= Ratner's theorems =

In mathematics, Ratner's theorems are a group of major theorems in ergodic theory concerning unipotent flows on homogeneous spaces proved by Marina Ratner around 1990. The theorems grew out of Ratner's earlier work on horocycle flows. The study of the dynamics of unipotent flows played a decisive role in the proof of the Oppenheim conjecture by Grigory Margulis. Ratner's theorems have guided key advances in the understanding of the dynamics of unipotent flows. Their later generalizations provide ways to both sharpen the results and extend the theory to the setting of arbitrary semisimple algebraic groups over a local field.

== Short description ==
The Ratner orbit closure theorem asserts that the closures of orbits of unipotent flows on the quotient of a Lie group by a lattice are nice, geometric subsets. The Ratner equidistribution theorem further asserts that each such orbit is equidistributed in its closure. The Ratner measure classification theorem is the weaker statement that every ergodic invariant probability measure is homogeneous, or algebraic: this turns out to be an important step towards proving the more general equidistribution property. There is no universal agreement on the names of these theorems: they are variously known as the "measure rigidity theorem", the "theorem on invariant measures" and its "topological version", and so on.

The formal statement of such a result is as follows. Let $G$ be a Lie group, $\mathit{\Gamma}$ a lattice in $G$, and $u^t$ a one-parameter subgroup of $G$ consisting of unipotent elements, with the associated flow $\phi_t$ on $\mathit{\Gamma} \setminus G$. Then the closure of every orbit $\left\{ xu^t \right\}$ of $\phi_t$ is homogeneous.
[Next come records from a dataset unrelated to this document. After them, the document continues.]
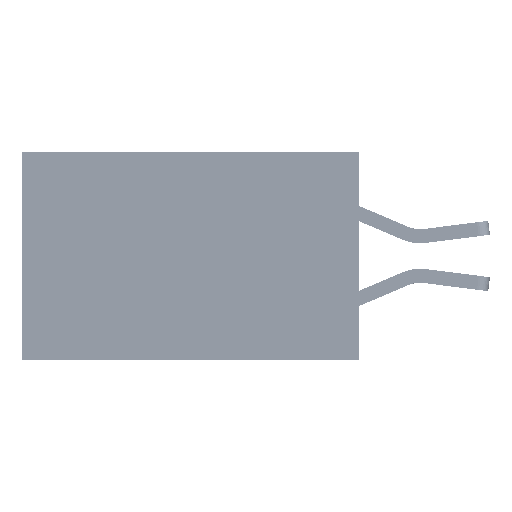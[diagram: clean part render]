
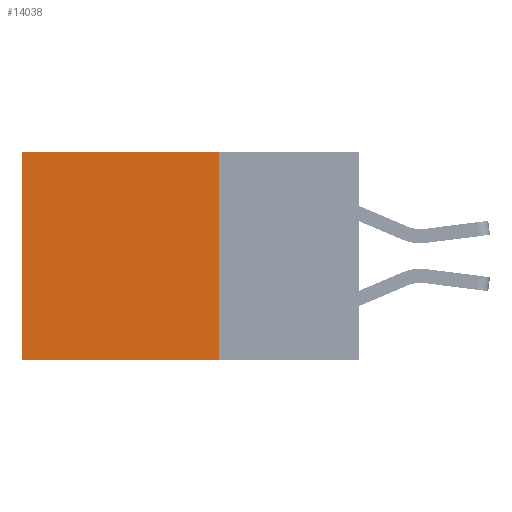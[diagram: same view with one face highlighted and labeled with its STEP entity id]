
A CAD part, left-side view. The second image highlights one B-rep face of the part: STEP entity #14038.
In plain terms, the highlighted planar face has unit normal (-1, 0, 0).
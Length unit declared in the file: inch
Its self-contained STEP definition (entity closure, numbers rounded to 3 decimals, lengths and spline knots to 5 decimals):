
#363 = CARTESIAN_POINT ( 'NONE',  ( 0.2875, 0.25, -0.37 ) ) ;
#513 = CARTESIAN_POINT ( 'NONE',  ( 0.2875, 0.6, -0.37 ) ) ;
#2469 = CARTESIAN_POINT ( 'NONE',  ( 0.2875, 0.6, 0. ) ) ;
#3803 = PLANE ( 'NONE',  #37291 ) ;
#5327 = LINE ( 'NONE', #32433, #12302 ) ;
#6941 = CARTESIAN_POINT ( 'NONE',  ( 0.2875, 0.25, 0. ) ) ;
#7212 = DIRECTION ( 'NONE',  ( 1., 0., 0. ) ) ;
#7842 = EDGE_CURVE ( 'NONE', #26536, #14343, #19338, .T. ) ;
#11859 = VECTOR ( 'NONE', #30579, 39.37008 ) ;
#12204 = DIRECTION ( 'NONE',  ( 0., 1., 0. ) ) ;
#12302 = VECTOR ( 'NONE', #20386, 39.37008 ) ;
#14038 = ADVANCED_FACE ( 'NONE', ( #36980 ), #3803, .F. ) ;
#14343 = VERTEX_POINT ( 'NONE', #23635 ) ;
#14435 = EDGE_CURVE ( 'NONE', #17343, #18682, #5327, .T. ) ;
#14566 = EDGE_LOOP ( 'NONE', ( #35602, #34462, #17747, #16485 ) ) ;
#15213 = VECTOR ( 'NONE', #12204, 39.37008 ) ;
#16140 = LINE ( 'NONE', #363, #15213 ) ;
#16485 = ORIENTED_EDGE ( 'NONE', *, *, #32408, .T. ) ;
#17343 = VERTEX_POINT ( 'NONE', #2469 ) ;
#17747 = ORIENTED_EDGE ( 'NONE', *, *, #7842, .F. ) ;
#18682 = VERTEX_POINT ( 'NONE', #513 ) ;
#18798 = CARTESIAN_POINT ( 'NONE',  ( 0.2875, 0.25, 0. ) ) ;
#19182 = DIRECTION ( 'NONE',  ( 0., 0., -1. ) ) ;
#19338 = LINE ( 'NONE', #27753, #11859 ) ;
#20386 = DIRECTION ( 'NONE',  ( 0., 0., -1. ) ) ;
#21715 = CARTESIAN_POINT ( 'NONE',  ( 0.2875, 0.25, 0. ) ) ;
#23635 = CARTESIAN_POINT ( 'NONE',  ( 0.2875, 0.25, -0.37 ) ) ;
#26152 = LINE ( 'NONE', #21715, #34922 ) ;
#26536 = VERTEX_POINT ( 'NONE', #6941 ) ;
#27753 = CARTESIAN_POINT ( 'NONE',  ( 0.2875, 0.25, 0. ) ) ;
#30579 = DIRECTION ( 'NONE',  ( 0., 0., -1. ) ) ;
#32408 = EDGE_CURVE ( 'NONE', #26536, #17343, #26152, .T. ) ;
#32433 = CARTESIAN_POINT ( 'NONE',  ( 0.2875, 0.6, 0. ) ) ;
#34462 = ORIENTED_EDGE ( 'NONE', *, *, #36822, .F. ) ;
#34922 = VECTOR ( 'NONE', #36354, 39.37008 ) ;
#35602 = ORIENTED_EDGE ( 'NONE', *, *, #14435, .T. ) ;
#36354 = DIRECTION ( 'NONE',  ( 0., 1., 0. ) ) ;
#36822 = EDGE_CURVE ( 'NONE', #14343, #18682, #16140, .T. ) ;
#36980 = FACE_OUTER_BOUND ( 'NONE', #14566, .T. ) ;
#37291 = AXIS2_PLACEMENT_3D ( 'NONE', #18798, #7212, #19182 ) ;

This means that there exists a connected, closed subgroup $S$ of $G$ such that the image of the orbit $\, xS \,$ for the action of $S$ by right translations on $G$ under the canonical projection to $\mathit{\Gamma} \setminus G$ is closed, has a finite $S$-invariant measure, and contains the closure of the $\phi_t$-orbit of $x$ as a dense subset.

===Example: $SL_2(\mathbb R)$===
The simplest case to which the statement above applies is $G = SL_2(\mathbb R)$. In this case it takes the following more explicit form; let $\Gamma$ be a lattice in $SL_2(\mathbb R)$ and $F \subset \Gamma \backslash G$ a closed subset which is invariant under all maps $\Gamma g \mapsto \Gamma (gu_t)$ where $$u_t = \begin{pmatrix} 1 & t \\ 0 & 1 \end{pmatrix}$$. Then either there exists an $x \in \Gamma \backslash G$ such that $F = xU$ (where $U = \{u_t, t \in \mathbb R\}$) or $F = \Gamma \backslash G$.

In geometric terms $\Gamma$ is a cofinite Fuchsian group, so the quotient $M = \Gamma \backslash \mathbb H^2$ of the hyperbolic plane by $\Gamma$ is a hyperbolic orbifold of finite volume. The theorem above implies that every horocycle of $\mathbb H^2$ has an image in $M$ which is either a closed curve (a horocycle around a cusp of $M$) or dense in $M$.